If \(A_n \in \mathcal{F}\) for \(n \ge 1\) and \(\lim_{n \to \infty} A_n = A\), then we also have \(\lim_{n \to \infty} \mathbb{P}\!\left(\left. A_n\,\right\vert\, \mathcal{G}\right) = \mathbb{P}\!\left(\left. A\,\right\vert\, \mathcal{G}\right)\) a.s..
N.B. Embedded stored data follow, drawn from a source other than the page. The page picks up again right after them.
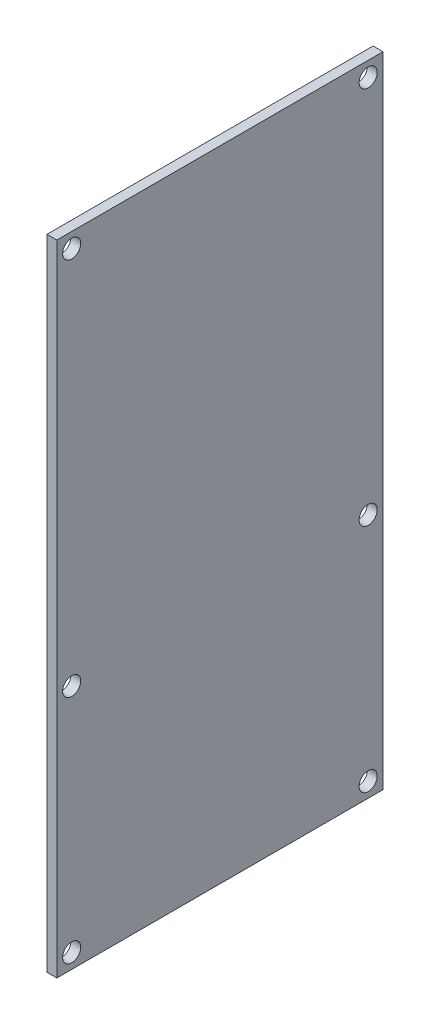
ISO-10303-21;
HEADER;
FILE_DESCRIPTION(('STEP AP214'),'2;1');
FILE_NAME('part.step','',(''),(''),'','','');
FILE_SCHEMA(('AUTOMOTIVE_DESIGN { 1 0 10303 214 1 1 1 1 }'));
ENDSEC;
DATA;
#1=APPLICATION_CONTEXT('core data for automotive mechanical design processes');
#2=APPLICATION_PROTOCOL_DEFINITION('international standard','automotive_design',2000,#1);
#3=PRODUCT_CONTEXT('',#1,'mechanical');
#4=PRODUCT('Part','Part','',(#3));
#5=PRODUCT_RELATED_PRODUCT_CATEGORY('part','',(#4));
#6=PRODUCT_DEFINITION_FORMATION('','',#4);
#7=PRODUCT_DEFINITION_CONTEXT('part definition',#1,'design');
#8=PRODUCT_DEFINITION('design','',#6,#7);
#9=PRODUCT_DEFINITION_SHAPE('','',#8);
#10=(LENGTH_UNIT() NAMED_UNIT(*) SI_UNIT(.MILLI.,.METRE.));
#11=(NAMED_UNIT(*) PLANE_ANGLE_UNIT() SI_UNIT($,.RADIAN.));
#12=(NAMED_UNIT(*) SI_UNIT($,.STERADIAN.) SOLID_ANGLE_UNIT());
#13=UNCERTAINTY_MEASURE_WITH_UNIT(LENGTH_MEASURE(1.E-05),#10,'distance_accuracy_value','');
#14=(GEOMETRIC_REPRESENTATION_CONTEXT(3) GLOBAL_UNCERTAINTY_ASSIGNED_CONTEXT((#13)) GLOBAL_UNIT_ASSIGNED_CONTEXT((#10,
#11,#12)) REPRESENTATION_CONTEXT('',''));
#15=CARTESIAN_POINT('',(0.,0.,0.));
#16=DIRECTION('',(0.,0.,1.));
#17=DIRECTION('',(1.,0.,0.));
#18=AXIS2_PLACEMENT_3D('',#15,#16,#17);
#19=CARTESIAN_POINT('',(48.0117160697982,104.500000000016,33.2693427308272));
#20=DIRECTION('',(0.,-1.,0.));
#21=DIRECTION('',(0.,0.,-1.));
#22=AXIS2_PLACEMENT_3D('',#19,#20,#21);
#23=PLANE('',#22);
#24=DIRECTION('',(0.,0.,1.));
#25=VECTOR('',#24,1.);
#26=CARTESIAN_POINT('',(45.0117160697982,104.500000000016,33.2693427308272));
#27=LINE('',#26,#25);
#28=CARTESIAN_POINT('',(45.0117160697983,104.500000000016,-65.7306572691728));
#29=VERTEX_POINT('',#28);
#30=CARTESIAN_POINT('',(45.0117160697982,104.500000000016,33.2693427308272));
#31=VERTEX_POINT('',#30);
#32=EDGE_CURVE('E96',#29,#31,#27,.T.);
#33=ORIENTED_EDGE('',*,*,#32,.T.);
#34=DIRECTION('',(-1.,0.,0.));
#35=VECTOR('',#34,1.);
#36=CARTESIAN_POINT('',(48.0117160697982,104.500000000016,33.2693427308272));
#37=LINE('',#36,#35);
#38=CARTESIAN_POINT('',(48.0117160697982,104.500000000016,33.2693427308272));
#39=VERTEX_POINT('',#38);
#40=EDGE_CURVE('E11',#39,#31,#37,.T.);
#41=ORIENTED_EDGE('',*,*,#40,.F.);
#42=DIRECTION('',(0.,0.,1.));
#43=VECTOR('',#42,1.);
#44=CARTESIAN_POINT('',(48.0117160697982,104.500000000016,33.2693427308272));
#45=LINE('',#44,#43);
#46=CARTESIAN_POINT('',(48.0117160697983,104.500000000016,-65.7306572691728));
#47=VERTEX_POINT('',#46);
#48=EDGE_CURVE('E84',#47,#39,#45,.T.);
#49=ORIENTED_EDGE('',*,*,#48,.F.);
#50=DIRECTION('',(-1.,0.,0.));
#51=VECTOR('',#50,1.);
#52=CARTESIAN_POINT('',(48.0117160697983,104.500000000016,-65.7306572691728));
#53=LINE('',#52,#51);
#54=EDGE_CURVE('E92',#47,#29,#53,.T.);
#55=ORIENTED_EDGE('',*,*,#54,.T.);
#56=EDGE_LOOP('',(#33,#41,#49,#55));
#57=FACE_BOUND('',#56,.T.);
#58=ADVANCED_FACE('F33',(#57),#23,.F.);
#59=CARTESIAN_POINT('',(48.0117160697982,104.500000000016,33.2693427308272));
#60=DIRECTION('',(0.,0.,-1.));
#61=DIRECTION('',(-1.,0.,0.));
#62=AXIS2_PLACEMENT_3D('',#59,#60,#61);
#63=PLANE('',#62);
#64=DIRECTION('',(0.,-1.,0.));
#65=VECTOR('',#64,1.);
#66=CARTESIAN_POINT('',(45.0117160697982,104.500000000016,33.2693427308272));
#67=LINE('',#66,#65);
#68=CARTESIAN_POINT('',(45.0117160697982,-89.4999999999837,33.2693427308272));
#69=VERTEX_POINT('',#68);
#70=EDGE_CURVE('E88',#31,#69,#67,.T.);
#71=ORIENTED_EDGE('',*,*,#70,.T.);
#72=DIRECTION('',(-1.,0.,0.));
#73=VECTOR('',#72,1.);
#74=CARTESIAN_POINT('',(48.0117160697982,-89.4999999999837,33.2693427308272));
#75=LINE('',#74,#73);
#76=CARTESIAN_POINT('',(48.0117160697982,-89.4999999999837,33.2693427308272));
#77=VERTEX_POINT('',#76);
#78=EDGE_CURVE('E41',#77,#69,#75,.T.);
#79=ORIENTED_EDGE('',*,*,#78,.F.);
#80=DIRECTION('',(0.,-1.,0.));
#81=VECTOR('',#80,1.);
#82=CARTESIAN_POINT('',(48.0117160697982,104.500000000016,33.2693427308272));
#83=LINE('',#82,#81);
#84=EDGE_CURVE('E79',#39,#77,#83,.T.);
#85=ORIENTED_EDGE('',*,*,#84,.F.);
#86=ORIENTED_EDGE('',*,*,#40,.T.);
#87=EDGE_LOOP('',(#71,#79,#85,#86));
#88=FACE_BOUND('',#87,.T.);
#89=ADVANCED_FACE('F87',(#88),#63,.F.);
#90=CARTESIAN_POINT('',(48.0117160697982,-89.4999999999837,33.2693427308272));
#91=DIRECTION('',(0.,1.,0.));
#92=DIRECTION('',(0.,0.,1.));
#93=AXIS2_PLACEMENT_3D('',#90,#91,#92);
#94=PLANE('',#93);
#95=DIRECTION('',(0.,0.,-1.));
#96=VECTOR('',#95,1.);
#97=CARTESIAN_POINT('',(45.0117160697982,-89.4999999999837,33.2693427308272));
#98=LINE('',#97,#96);
#99=CARTESIAN_POINT('',(45.0117160697983,-89.4999999999837,-65.7306572691728));
#100=VERTEX_POINT('',#99);
#101=EDGE_CURVE('E66',#69,#100,#98,.T.);
#102=ORIENTED_EDGE('',*,*,#101,.T.);
#103=DIRECTION('',(-1.,0.,0.));
#104=VECTOR('',#103,1.);
#105=CARTESIAN_POINT('',(48.0117160697983,-89.4999999999837,-65.7306572691728));
#106=LINE('',#105,#104);
#107=CARTESIAN_POINT('',(48.0117160697983,-89.4999999999837,-65.7306572691728));
#108=VERTEX_POINT('',#107);
#109=EDGE_CURVE('E89',#108,#100,#106,.T.);
#110=ORIENTED_EDGE('',*,*,#109,.F.);
#111=DIRECTION('',(0.,0.,-1.));
#112=VECTOR('',#111,1.);
#113=CARTESIAN_POINT('',(48.0117160697982,-89.4999999999837,33.2693427308272));
#114=LINE('',#113,#112);
#115=EDGE_CURVE('E82',#77,#108,#114,.T.);
#116=ORIENTED_EDGE('',*,*,#115,.F.);
#117=ORIENTED_EDGE('',*,*,#78,.T.);
#118=EDGE_LOOP('',(#102,#110,#116,#117));
#119=FACE_BOUND('',#118,.T.);
#120=ADVANCED_FACE('F90',(#119),#94,.F.);
#121=CARTESIAN_POINT('',(48.0117160697983,104.500000000016,-65.7306572691728));
#122=DIRECTION('',(0.,0.,1.));
#123=DIRECTION('',(1.,0.,0.));
#124=AXIS2_PLACEMENT_3D('',#121,#122,#123);
#125=PLANE('',#124);
#126=DIRECTION('',(0.,1.,0.));
#127=VECTOR('',#126,1.);
#128=CARTESIAN_POINT('',(45.0117160697983,104.500000000016,-65.7306572691728));
#129=LINE('',#128,#127);
#130=EDGE_CURVE('E72',#100,#29,#129,.T.);
#131=ORIENTED_EDGE('',*,*,#130,.T.);
#132=ORIENTED_EDGE('',*,*,#54,.F.);
#133=DIRECTION('',(0.,1.,0.));
#134=VECTOR('',#133,1.);
#135=CARTESIAN_POINT('',(48.0117160697983,104.500000000016,-65.7306572691728));
#136=LINE('',#135,#134);
#137=EDGE_CURVE('E49',#108,#47,#136,.T.);
#138=ORIENTED_EDGE('',*,*,#137,.F.);
#139=ORIENTED_EDGE('',*,*,#109,.T.);
#140=EDGE_LOOP('',(#131,#132,#138,#139));
#141=FACE_BOUND('',#140,.T.);
#142=ADVANCED_FACE('F104',(#141),#125,.F.);
#143=CARTESIAN_POINT('',(48.0117160697983,104.500000000016,-65.7306572691728));
#144=DIRECTION('',(-1.,0.,0.));
#145=DIRECTION('',(0.,0.,1.));
#146=AXIS2_PLACEMENT_3D('',#143,#144,#145);
#147=PLANE('',#146);
#148=CARTESIAN_POINT('',(48.0117160697983,-14.9999999999837,-61.2306572691728));
#149=DIRECTION('',(1.,0.,0.));
#150=DIRECTION('',(0.,1.,0.));
#151=AXIS2_PLACEMENT_3D('',#148,#149,#150);
#152=CIRCLE('',#151,2.75000000000001);
#153=CARTESIAN_POINT('',(48.0117160697983,-12.2499999999837,-61.2306572691728));
#154=VERTEX_POINT('',#153);
#155=EDGE_CURVE('E140',#154,#154,#152,.T.);
#156=ORIENTED_EDGE('',*,*,#155,.F.);
#157=EDGE_LOOP('',(#156));
#158=FACE_BOUND('',#157,.T.);
#159=CARTESIAN_POINT('',(48.0117160697983,-14.9999999999837,28.7693427308272));
#160=DIRECTION('',(1.,0.,0.));
#161=DIRECTION('',(0.,1.,0.));
#162=AXIS2_PLACEMENT_3D('',#159,#160,#161);
#163=CIRCLE('',#162,2.75);
#164=CARTESIAN_POINT('',(48.0117160697983,-12.2499999999837,28.7693427308272));
#165=VERTEX_POINT('',#164);
#166=EDGE_CURVE('E134',#165,#165,#163,.T.);
#167=ORIENTED_EDGE('',*,*,#166,.F.);
#168=EDGE_LOOP('',(#167));
#169=FACE_BOUND('',#168,.T.);
#170=CARTESIAN_POINT('',(48.0117160697983,-84.9999999999837,-61.2306572691728));
#171=DIRECTION('',(1.,0.,0.));
#172=DIRECTION('',(0.,1.,0.));
#173=AXIS2_PLACEMENT_3D('',#170,#171,#172);
#174=CIRCLE('',#173,2.75000000000001);
#175=CARTESIAN_POINT('',(48.0117160697983,-82.2499999999837,-61.2306572691728));
#176=VERTEX_POINT('',#175);
#177=EDGE_CURVE('E128',#176,#176,#174,.T.);
#178=ORIENTED_EDGE('',*,*,#177,.F.);
#179=EDGE_LOOP('',(#178));
#180=FACE_BOUND('',#179,.T.);
#181=CARTESIAN_POINT('',(48.0117160697983,-84.9999999999837,28.7693427308272));
#182=DIRECTION('',(1.,0.,0.));
#183=DIRECTION('',(0.,1.,0.));
#184=AXIS2_PLACEMENT_3D('',#181,#182,#183);
#185=CIRCLE('',#184,2.75);
#186=CARTESIAN_POINT('',(48.0117160697983,-82.2499999999837,28.7693427308272));
#187=VERTEX_POINT('',#186);
#188=EDGE_CURVE('E122',#187,#187,#185,.T.);
#189=ORIENTED_EDGE('',*,*,#188,.F.);
#190=EDGE_LOOP('',(#189));
#191=FACE_BOUND('',#190,.T.);
#192=CARTESIAN_POINT('',(48.0117160697982,100.000000000016,-61.2306572691728));
#193=DIRECTION('',(1.,0.,0.));
#194=DIRECTION('',(0.,1.,0.));
#195=AXIS2_PLACEMENT_3D('',#192,#193,#194);
#196=CIRCLE('',#195,2.75000000000001);
#197=CARTESIAN_POINT('',(48.0117160697982,102.750000000016,-61.2306572691728));
#198=VERTEX_POINT('',#197);
#199=EDGE_CURVE('E116',#198,#198,#196,.T.);
#200=ORIENTED_EDGE('',*,*,#199,.F.);
#201=EDGE_LOOP('',(#200));
#202=FACE_BOUND('',#201,.T.);
#203=CARTESIAN_POINT('',(48.0117160697982,100.000000000016,28.7693427308272));
#204=DIRECTION('',(1.,0.,0.));
#205=DIRECTION('',(0.,1.,0.));
#206=AXIS2_PLACEMENT_3D('',#203,#204,#205);
#207=CIRCLE('',#206,2.75);
#208=CARTESIAN_POINT('',(48.0117160697982,102.750000000016,28.7693427308272));
#209=VERTEX_POINT('',#208);
#210=EDGE_CURVE('E110',#209,#209,#207,.T.);
#211=ORIENTED_EDGE('',*,*,#210,.F.);
#212=EDGE_LOOP('',(#211));
#213=FACE_BOUND('',#212,.T.);
#214=ORIENTED_EDGE('',*,*,#48,.T.);
#215=ORIENTED_EDGE('',*,*,#84,.T.);
#216=ORIENTED_EDGE('',*,*,#115,.T.);
#217=ORIENTED_EDGE('',*,*,#137,.T.);
#218=EDGE_LOOP('',(#214,#215,#216,#217));
#219=FACE_BOUND('',#218,.T.);
#220=ADVANCED_FACE('F80',(#158,#169,#180,#191,#202,#213,#219),#147,.F.);
#221=CARTESIAN_POINT('',(45.0117160697983,104.500000000016,-65.7306572691728));
#222=DIRECTION('',(-1.,0.,0.));
#223=DIRECTION('',(0.,0.,1.));
#224=AXIS2_PLACEMENT_3D('',#221,#222,#223);
#225=PLANE('',#224);
#226=CARTESIAN_POINT('',(45.0117160697982,-14.9999999999837,-61.2306572691728));
#227=DIRECTION('',(1.,0.,0.));
#228=DIRECTION('',(0.,1.,0.));
#229=AXIS2_PLACEMENT_3D('',#226,#227,#228);
#230=CIRCLE('',#229,2.75000000000001);
#231=CARTESIAN_POINT('',(45.0117160697982,-12.2499999999837,-61.2306572691728));
#232=VERTEX_POINT('',#231);
#233=EDGE_CURVE('E137',#232,#232,#230,.T.);
#234=ORIENTED_EDGE('',*,*,#233,.T.);
#235=EDGE_LOOP('',(#234));
#236=FACE_BOUND('',#235,.T.);
#237=CARTESIAN_POINT('',(45.0117160697982,-14.9999999999837,28.7693427308272));
#238=DIRECTION('',(1.,0.,0.));
#239=DIRECTION('',(0.,1.,0.));
#240=AXIS2_PLACEMENT_3D('',#237,#238,#239);
#241=CIRCLE('',#240,2.75);
#242=CARTESIAN_POINT('',(45.0117160697982,-12.2499999999837,28.7693427308272));
#243=VERTEX_POINT('',#242);
#244=EDGE_CURVE('E131',#243,#243,#241,.T.);
#245=ORIENTED_EDGE('',*,*,#244,.T.);
#246=EDGE_LOOP('',(#245));
#247=FACE_BOUND('',#246,.T.);
#248=CARTESIAN_POINT('',(45.0117160697982,-84.9999999999837,-61.2306572691728));
#249=DIRECTION('',(1.,0.,0.));
#250=DIRECTION('',(0.,1.,0.));
#251=AXIS2_PLACEMENT_3D('',#248,#249,#250);
#252=CIRCLE('',#251,2.75000000000001);
#253=CARTESIAN_POINT('',(45.0117160697982,-82.2499999999837,-61.2306572691728));
#254=VERTEX_POINT('',#253);
#255=EDGE_CURVE('E125',#254,#254,#252,.T.);
#256=ORIENTED_EDGE('',*,*,#255,.T.);
#257=EDGE_LOOP('',(#256));
#258=FACE_BOUND('',#257,.T.);
#259=CARTESIAN_POINT('',(45.0117160697982,-84.9999999999837,28.7693427308272));
#260=DIRECTION('',(1.,0.,0.));
#261=DIRECTION('',(0.,1.,0.));
#262=AXIS2_PLACEMENT_3D('',#259,#260,#261);
#263=CIRCLE('',#262,2.75);
#264=CARTESIAN_POINT('',(45.0117160697982,-82.2499999999837,28.7693427308272));
#265=VERTEX_POINT('',#264);
#266=EDGE_CURVE('E119',#265,#265,#263,.T.);
#267=ORIENTED_EDGE('',*,*,#266,.T.);
#268=EDGE_LOOP('',(#267));
#269=FACE_BOUND('',#268,.T.);
#270=CARTESIAN_POINT('',(45.0117160697982,100.000000000016,-61.2306572691728));
#271=DIRECTION('',(1.,0.,0.));
#272=DIRECTION('',(0.,1.,0.));
#273=AXIS2_PLACEMENT_3D('',#270,#271,#272);
#274=CIRCLE('',#273,2.75000000000001);
#275=CARTESIAN_POINT('',(45.0117160697982,102.750000000016,-61.2306572691728));
#276=VERTEX_POINT('',#275);
#277=EDGE_CURVE('E113',#276,#276,#274,.T.);
#278=ORIENTED_EDGE('',*,*,#277,.T.);
#279=EDGE_LOOP('',(#278));
#280=FACE_BOUND('',#279,.T.);
#281=CARTESIAN_POINT('',(45.0117160697982,100.000000000016,28.7693427308272));
#282=DIRECTION('',(1.,0.,0.));
#283=DIRECTION('',(0.,1.,0.));
#284=AXIS2_PLACEMENT_3D('',#281,#282,#283);
#285=CIRCLE('',#284,2.75);
#286=CARTESIAN_POINT('',(45.0117160697982,102.750000000016,28.7693427308272));
#287=VERTEX_POINT('',#286);
#288=EDGE_CURVE('E99',#287,#287,#285,.T.);
#289=ORIENTED_EDGE('',*,*,#288,.T.);
#290=EDGE_LOOP('',(#289));
#291=FACE_BOUND('',#290,.T.);
#292=ORIENTED_EDGE('',*,*,#32,.F.);
#293=ORIENTED_EDGE('',*,*,#130,.F.);
#294=ORIENTED_EDGE('',*,*,#101,.F.);
#295=ORIENTED_EDGE('',*,*,#70,.F.);
#296=EDGE_LOOP('',(#292,#293,#294,#295));
#297=FACE_BOUND('',#296,.T.);
#298=ADVANCED_FACE('F107',(#236,#247,#258,#269,#280,#291,#297),#225,.T.);
#299=CARTESIAN_POINT('',(45.0117160697982,100.000000000016,28.7693427308272));
#300=DIRECTION('',(1.,0.,0.));
#301=DIRECTION('',(0.,1.,0.));
#302=AXIS2_PLACEMENT_3D('',#299,#300,#301);
#303=CYLINDRICAL_SURFACE('',#302,2.75);
#304=ORIENTED_EDGE('',*,*,#288,.F.);
#305=EDGE_LOOP('',(#304));
#306=FACE_BOUND('',#305,.T.);
#307=ORIENTED_EDGE('',*,*,#210,.T.);
#308=EDGE_LOOP('',(#307));
#309=FACE_BOUND('',#308,.T.);
#310=ADVANCED_FACE('F168',(#306,#309),#303,.F.);
#311=CARTESIAN_POINT('',(45.0117160697982,100.000000000016,-61.2306572691728));
#312=DIRECTION('',(1.,0.,0.));
#313=DIRECTION('',(0.,1.,0.));
#314=AXIS2_PLACEMENT_3D('',#311,#312,#313);
#315=CYLINDRICAL_SURFACE('',#314,2.75000000000001);
#316=ORIENTED_EDGE('',*,*,#277,.F.);
#317=EDGE_LOOP('',(#316));
#318=FACE_BOUND('',#317,.T.);
#319=ORIENTED_EDGE('',*,*,#199,.T.);
#320=EDGE_LOOP('',(#319));
#321=FACE_BOUND('',#320,.T.);
#322=ADVANCED_FACE('F170',(#318,#321),#315,.F.);
#323=CARTESIAN_POINT('',(45.0117160697982,-84.9999999999837,28.7693427308272));
#324=DIRECTION('',(1.,0.,0.));
#325=DIRECTION('',(0.,1.,0.));
#326=AXIS2_PLACEMENT_3D('',#323,#324,#325);
#327=CYLINDRICAL_SURFACE('',#326,2.75);
#328=ORIENTED_EDGE('',*,*,#266,.F.);
#329=EDGE_LOOP('',(#328));
#330=FACE_BOUND('',#329,.T.);
#331=ORIENTED_EDGE('',*,*,#188,.T.);
#332=EDGE_LOOP('',(#331));
#333=FACE_BOUND('',#332,.T.);
#334=ADVANCED_FACE('F177',(#330,#333),#327,.F.);
#335=CARTESIAN_POINT('',(45.0117160697982,-84.9999999999837,-61.2306572691728));
#336=DIRECTION('',(1.,0.,0.));
#337=DIRECTION('',(0.,1.,0.));
#338=AXIS2_PLACEMENT_3D('',#335,#336,#337);
#339=CYLINDRICAL_SURFACE('',#338,2.75000000000001);
#340=ORIENTED_EDGE('',*,*,#255,.F.);
#341=EDGE_LOOP('',(#340));
#342=FACE_BOUND('',#341,.T.);
#343=ORIENTED_EDGE('',*,*,#177,.T.);
#344=EDGE_LOOP('',(#343));
#345=FACE_BOUND('',#344,.T.);
#346=ADVANCED_FACE('F223',(#342,#345),#339,.F.);
#347=CARTESIAN_POINT('',(45.0117160697982,-14.9999999999837,28.7693427308272));
#348=DIRECTION('',(1.,0.,0.));
#349=DIRECTION('',(0.,1.,0.));
#350=AXIS2_PLACEMENT_3D('',#347,#348,#349);
#351=CYLINDRICAL_SURFACE('',#350,2.75);
#352=ORIENTED_EDGE('',*,*,#244,.F.);
#353=EDGE_LOOP('',(#352));
#354=FACE_BOUND('',#353,.T.);
#355=ORIENTED_EDGE('',*,*,#166,.T.);
#356=EDGE_LOOP('',(#355));
#357=FACE_BOUND('',#356,.T.);
#358=ADVANCED_FACE('F151',(#354,#357),#351,.F.);
#359=CARTESIAN_POINT('',(45.0117160697982,-14.9999999999837,-61.2306572691728));
#360=DIRECTION('',(1.,0.,0.));
#361=DIRECTION('',(0.,1.,0.));
#362=AXIS2_PLACEMENT_3D('',#359,#360,#361);
#363=CYLINDRICAL_SURFACE('',#362,2.75000000000001);
#364=ORIENTED_EDGE('',*,*,#233,.F.);
#365=EDGE_LOOP('',(#364));
#366=FACE_BOUND('',#365,.T.);
#367=ORIENTED_EDGE('',*,*,#155,.T.);
#368=EDGE_LOOP('',(#367));
#369=FACE_BOUND('',#368,.T.);
#370=ADVANCED_FACE('F148',(#366,#369),#363,.F.);
#371=CLOSED_SHELL('',(#58,#89,#120,#142,#220,#298,#310,#322,#334,#346,#358,#370));
#372=MANIFOLD_SOLID_BREP('B2',#371);
#373=ADVANCED_BREP_SHAPE_REPRESENTATION('',(#18,#372),#14);
#374=SHAPE_DEFINITION_REPRESENTATION(#9,#373);
ENDSEC;
END-ISO-10303-21;

It seems very tempting from the foregoing discussion to claim that \(\mathbb{P}\!\left(\left. \cdot\,\right\vert\, \mathcal{G}\right)(\omega)\) is a probability measure on \(\mathcal{F}\) for almost all \(\omega \in \Omega\), but except for some nice spaces, which we will discuss below, this isn't true. Let us first try to see this intuitively (Chow and Teicher, 1997). Equation (2) holds for all \(\omega \in \Omega\) EXCEPT for some null set which may well depend on the particular sequence \(\{A_n\}_{n \in \mathbb N}.\) It does NOT stipulate that there exists a fixed null set \(N \in \mathcal{F}\) such that

\[\begin{aligned} \mathbb{P}\!\left(\left. \bigcup_n A_n\,\right\vert\, \mathcal{G}\right)(\omega) = \sum_n \mathbb{P}\!\left(\left. A_n\,\right\vert\, \mathcal{G}\right)(\omega), \quad \omega \in \Omega \setminus N\end{aligned}\]
for every disjoint sequence \(\{A_n\}_{n \in \mathbb N} \subseteq \mathcal{F}.\) Except in trivial cases, there are uncountably many disjoint sequences, and therefore we will need uncountable union of such null sets to be of measure \(0\), which of course may not even be defined let alone be of measure \(0.\) To further drive this point home you can take a look at an explicit example of how this can fail in an exercise in (Halmos, 1950) on page 210.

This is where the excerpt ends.